## Instructions for the task
Only the lines that include "CIRCLE" should be copied from the data below.

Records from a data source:

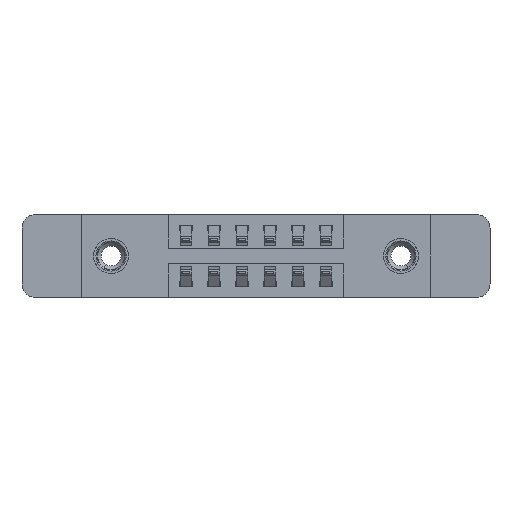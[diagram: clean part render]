
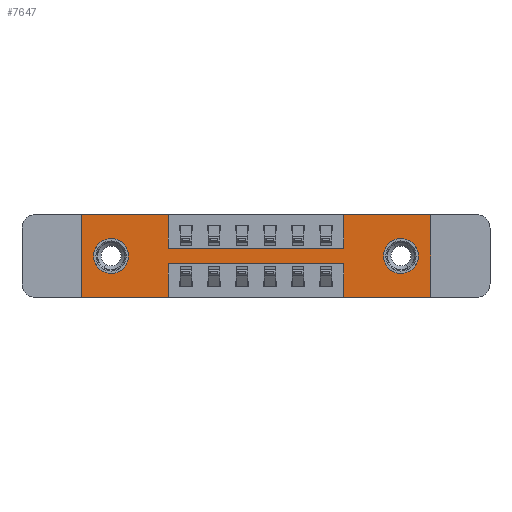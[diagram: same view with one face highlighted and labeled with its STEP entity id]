
A CAD part, front view. The second image highlights one B-rep face of the part: STEP entity #7647.
In plain terms, the highlighted planar face has unit normal (0, -1, 0).
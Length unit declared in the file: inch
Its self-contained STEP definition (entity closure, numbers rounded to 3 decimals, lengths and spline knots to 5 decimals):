
#137 = DIRECTION ( 'NONE',  ( 0., 1., 0. ) ) ;
#147 = ORIENTED_EDGE ( 'NONE', *, *, #1321, .F. ) ;
#278 = CARTESIAN_POINT ( 'NONE',  ( 1.1725, 0., -0.15 ) ) ;
#316 = EDGE_CURVE ( 'NONE', #6281, #11277, #605, .T. ) ;
#504 = ORIENTED_EDGE ( 'NONE', *, *, #7597, .T. ) ;
#605 = LINE ( 'NONE', #5608, #6024 ) ;
#629 = LINE ( 'NONE', #11560, #13037 ) ;
#695 = EDGE_CURVE ( 'NONE', #12882, #5415, #8652, .T. ) ;
#830 = ORIENTED_EDGE ( 'NONE', *, *, #9935, .F. ) ;
#844 = DIRECTION ( 'NONE',  ( 0., 0., 1. ) ) ;
#848 = LINE ( 'NONE', #11990, #9171 ) ;
#1069 = DIRECTION ( 'NONE',  ( 0., 0., -1. ) ) ;
#1085 = DIRECTION ( 'NONE',  ( 0., 0., 1. ) ) ;
#1281 = VECTOR ( 'NONE', #1069, 39.37008 ) ;
#1321 = EDGE_CURVE ( 'NONE', #11277, #12882, #629, .T. ) ;
#1333 = FACE_BOUND ( 'NONE', #12432, .T. ) ;
#1536 = CIRCLE ( 'NONE', #10059, 0.078 ) ;
#1623 = CARTESIAN_POINT ( 'NONE',  ( 1.56, 0., 0. ) ) ;
#1639 = CARTESIAN_POINT ( 'NONE',  ( 0.3875, 0., -0.15 ) ) ;
#1656 = FACE_OUTER_BOUND ( 'NONE', #2054, .T. ) ;
#1959 = CARTESIAN_POINT ( 'NONE',  ( 1.56, 0., -0.37 ) ) ;
#1962 = CARTESIAN_POINT ( 'NONE',  ( 0.3875, 0., -0.22 ) ) ;
#2054 = EDGE_LOOP ( 'NONE', ( #2586, #5779, #147, #11807, #6837, #9459, #11036, #5284, #2570, #830, #13604, #7981 ) ) ;
#2129 = CARTESIAN_POINT ( 'NONE',  ( 1.1725, 0., 0. ) ) ;
#2271 = DIRECTION ( 'NONE',  ( 0., 0., -1. ) ) ;
#2328 = EDGE_CURVE ( 'NONE', #10518, #10316, #8606, .T. ) ;
#2339 = CARTESIAN_POINT ( 'NONE',  ( 0., 0., -0.37 ) ) ;
#2570 = ORIENTED_EDGE ( 'NONE', *, *, #8974, .F. ) ;
#2586 = ORIENTED_EDGE ( 'NONE', *, *, #7836, .F. ) ;
#3032 = VERTEX_POINT ( 'NONE', #7450 ) ;
#3033 = DIRECTION ( 'NONE',  ( 0., 1., 0. ) ) ;
#3265 = DIRECTION ( 'NONE',  ( -1., 0., 0. ) ) ;
#3780 = DIRECTION ( 'NONE',  ( 0., 0., -1. ) ) ;
#3834 = AXIS2_PLACEMENT_3D ( 'NONE', #12552, #10284, #3780 ) ;
#3922 = DIRECTION ( 'NONE',  ( 0., 1., 0. ) ) ;
#3937 = DIRECTION ( 'NONE',  ( 0., 0., 1. ) ) ;
#3968 = CIRCLE ( 'NONE', #10345, 0.078 ) ;
#4029 = EDGE_CURVE ( 'NONE', #12413, #11470, #3968, .T. ) ;
#4179 = CARTESIAN_POINT ( 'NONE',  ( 0.1325, 0., -0.185 ) ) ;
#4356 = VECTOR ( 'NONE', #7922, 39.37008 ) ;
#4628 = EDGE_CURVE ( 'NONE', #12058, #6281, #13613, .T. ) ;
#4695 = DIRECTION ( 'NONE',  ( -1., 0., 0. ) ) ;
#5284 = ORIENTED_EDGE ( 'NONE', *, *, #2328, .F. ) ;
#5383 = FACE_BOUND ( 'NONE', #13854, .T. ) ;
#5390 = CARTESIAN_POINT ( 'NONE',  ( 0., 0., 0. ) ) ;
#5398 = DIRECTION ( 'NONE',  ( 1., 0., 0. ) ) ;
#5415 = VERTEX_POINT ( 'NONE', #12197 ) ;
#5608 = CARTESIAN_POINT ( 'NONE',  ( 0., 0., -0.37 ) ) ;
#5752 = VECTOR ( 'NONE', #3265, 39.37008 ) ;
#5770 = ORIENTED_EDGE ( 'NONE', *, *, #12242, .T. ) ;
#5779 = ORIENTED_EDGE ( 'NONE', *, *, #695, .F. ) ;
#5836 = CARTESIAN_POINT ( 'NONE',  ( 1.56, 0., 0. ) ) ;
#5854 = EDGE_CURVE ( 'NONE', #13003, #10106, #10880, .T. ) ;
#5886 = EDGE_CURVE ( 'NONE', #13144, #13003, #848, .T. ) ;
#5893 = CARTESIAN_POINT ( 'NONE',  ( 0.3875, 0., -0.15 ) ) ;
#5918 = CARTESIAN_POINT ( 'NONE',  ( 0.1325, 0., -0.107 ) ) ;
#6024 = VECTOR ( 'NONE', #4695, 39.37008 ) ;
#6139 = CARTESIAN_POINT ( 'NONE',  ( 0.3875, 0., 0. ) ) ;
#6281 = VERTEX_POINT ( 'NONE', #1959 ) ;
#6477 = DIRECTION ( 'NONE',  ( -1., 0., 0. ) ) ;
#6732 = AXIS2_PLACEMENT_3D ( 'NONE', #4179, #7383, #844 ) ;
#6748 = CIRCLE ( 'NONE', #11840, 0.078 ) ;
#6837 = ORIENTED_EDGE ( 'NONE', *, *, #4628, .F. ) ;
#6886 = LINE ( 'NONE', #6139, #11476 ) ;
#6896 = LINE ( 'NONE', #11886, #1281 ) ;
#7171 = VERTEX_POINT ( 'NONE', #5918 ) ;
#7274 = CIRCLE ( 'NONE', #6732, 0.078 ) ;
#7310 = CARTESIAN_POINT ( 'NONE',  ( 0.1325, 0., -0.263 ) ) ;
#7371 = EDGE_CURVE ( 'NONE', #12592, #12058, #11853, .T. ) ;
#7383 = DIRECTION ( 'NONE',  ( 0., 1., 0. ) ) ;
#7450 = CARTESIAN_POINT ( 'NONE',  ( 0.3875, 0., 0. ) ) ;
#7483 = CARTESIAN_POINT ( 'NONE',  ( 0., 0., 0. ) ) ;
#7485 = VECTOR ( 'NONE', #8575, 39.37008 ) ;
#7597 = EDGE_CURVE ( 'NONE', #7171, #11329, #6748, .T. ) ;
#7647 = ADVANCED_FACE ( 'NONE', ( #1333, #5383, #1656 ), #9180, .T. ) ;
#7836 = EDGE_CURVE ( 'NONE', #5415, #13144, #6896, .T. ) ;
#7922 = DIRECTION ( 'NONE',  ( 1., 0., 0. ) ) ;
#7981 = ORIENTED_EDGE ( 'NONE', *, *, #5886, .F. ) ;
#8422 = CARTESIAN_POINT ( 'NONE',  ( 1.4275, 0., -0.185 ) ) ;
#8471 = DIRECTION ( 'NONE',  ( 0., 0., -1. ) ) ;
#8575 = DIRECTION ( 'NONE',  ( 0., 0., 1. ) ) ;
#8606 = LINE ( 'NONE', #5893, #4356 ) ;
#8652 = LINE ( 'NONE', #1962, #5752 ) ;
#8676 = CARTESIAN_POINT ( 'NONE',  ( 1.4275, 0., -0.263 ) ) ;
#8723 = CARTESIAN_POINT ( 'NONE',  ( 0., 0., 0. ) ) ;
#8815 = DIRECTION ( 'NONE',  ( 1., 0., 0. ) ) ;
#8974 = EDGE_CURVE ( 'NONE', #3032, #10518, #6886, .T. ) ;
#9171 = VECTOR ( 'NONE', #6477, 39.37008 ) ;
#9180 = PLANE ( 'NONE',  #3834 ) ;
#9459 = ORIENTED_EDGE ( 'NONE', *, *, #7371, .F. ) ;
#9533 = CARTESIAN_POINT ( 'NONE',  ( 1.1725, 0., -0.37 ) ) ;
#9563 = VECTOR ( 'NONE', #5398, 39.37008 ) ;
#9636 = VECTOR ( 'NONE', #8815, 39.37008 ) ;
#9935 = EDGE_CURVE ( 'NONE', #10106, #3032, #12819, .T. ) ;
#10004 = CARTESIAN_POINT ( 'NONE',  ( 1.1725, 0., 0. ) ) ;
#10059 = AXIS2_PLACEMENT_3D ( 'NONE', #8422, #3033, #8471 ) ;
#10106 = VERTEX_POINT ( 'NONE', #14020 ) ;
#10284 = DIRECTION ( 'NONE',  ( 0., -1., 0. ) ) ;
#10316 = VERTEX_POINT ( 'NONE', #278 ) ;
#10345 = AXIS2_PLACEMENT_3D ( 'NONE', #13147, #137, #2271 ) ;
#10372 = ORIENTED_EDGE ( 'NONE', *, *, #13953, .T. ) ;
#10518 = VERTEX_POINT ( 'NONE', #1639 ) ;
#10710 = CARTESIAN_POINT ( 'NONE',  ( 1.1725, 0., -0.22 ) ) ;
#10880 = LINE ( 'NONE', #5390, #12404 ) ;
#10882 = CARTESIAN_POINT ( 'NONE',  ( 1.4275, 0., -0.107 ) ) ;
#11036 = ORIENTED_EDGE ( 'NONE', *, *, #12218, .F. ) ;
#11277 = VERTEX_POINT ( 'NONE', #9533 ) ;
#11329 = VERTEX_POINT ( 'NONE', #7310 ) ;
#11470 = VERTEX_POINT ( 'NONE', #10882 ) ;
#11476 = VECTOR ( 'NONE', #12760, 39.37008 ) ;
#11560 = CARTESIAN_POINT ( 'NONE',  ( 1.1725, 0., -0.37 ) ) ;
#11807 = ORIENTED_EDGE ( 'NONE', *, *, #316, .F. ) ;
#11840 = AXIS2_PLACEMENT_3D ( 'NONE', #13490, #3922, #12458 ) ;
#11853 = LINE ( 'NONE', #8723, #9636 ) ;
#11886 = CARTESIAN_POINT ( 'NONE',  ( 0.3875, 0., -0.37 ) ) ;
#11990 = CARTESIAN_POINT ( 'NONE',  ( 0., 0., -0.37 ) ) ;
#12058 = VERTEX_POINT ( 'NONE', #5836 ) ;
#12197 = CARTESIAN_POINT ( 'NONE',  ( 0.3875, 0., -0.22 ) ) ;
#12218 = EDGE_CURVE ( 'NONE', #10316, #12592, #13264, .T. ) ;
#12242 = EDGE_CURVE ( 'NONE', #11470, #12413, #1536, .T. ) ;
#12404 = VECTOR ( 'NONE', #1085, 39.37008 ) ;
#12406 = ORIENTED_EDGE ( 'NONE', *, *, #4029, .T. ) ;
#12413 = VERTEX_POINT ( 'NONE', #8676 ) ;
#12432 = EDGE_LOOP ( 'NONE', ( #5770, #12406 ) ) ;
#12441 = VECTOR ( 'NONE', #12496, 39.37008 ) ;
#12458 = DIRECTION ( 'NONE',  ( 0., 0., 1. ) ) ;
#12496 = DIRECTION ( 'NONE',  ( 0., 0., -1. ) ) ;
#12552 = CARTESIAN_POINT ( 'NONE',  ( 0., 0., -0.37 ) ) ;
#12592 = VERTEX_POINT ( 'NONE', #10004 ) ;
#12760 = DIRECTION ( 'NONE',  ( 0., 0., -1. ) ) ;
#12819 = LINE ( 'NONE', #7483, #9563 ) ;
#12882 = VERTEX_POINT ( 'NONE', #10710 ) ;
#13003 = VERTEX_POINT ( 'NONE', #2339 ) ;
#13037 = VECTOR ( 'NONE', #3937, 39.37008 ) ;
#13144 = VERTEX_POINT ( 'NONE', #13479 ) ;
#13147 = CARTESIAN_POINT ( 'NONE',  ( 1.4275, 0., -0.185 ) ) ;
#13264 = LINE ( 'NONE', #2129, #7485 ) ;
#13479 = CARTESIAN_POINT ( 'NONE',  ( 0.3875, 0., -0.37 ) ) ;
#13490 = CARTESIAN_POINT ( 'NONE',  ( 0.1325, 0., -0.185 ) ) ;
#13604 = ORIENTED_EDGE ( 'NONE', *, *, #5854, .F. ) ;
#13613 = LINE ( 'NONE', #1623, #12441 ) ;
#13854 = EDGE_LOOP ( 'NONE', ( #504, #10372 ) ) ;
#13953 = EDGE_CURVE ( 'NONE', #11329, #7171, #7274, .T. ) ;
#14020 = CARTESIAN_POINT ( 'NONE',  ( 0., 0., 0. ) ) ;

## Result of this task
#1536 = CIRCLE ( 'NONE', #10059, 0.078 ) ;
#3968 = CIRCLE ( 'NONE', #10345, 0.078 ) ;
#6748 = CIRCLE ( 'NONE', #11840, 0.078 ) ;
#7274 = CIRCLE ( 'NONE', #6732, 0.078 ) ;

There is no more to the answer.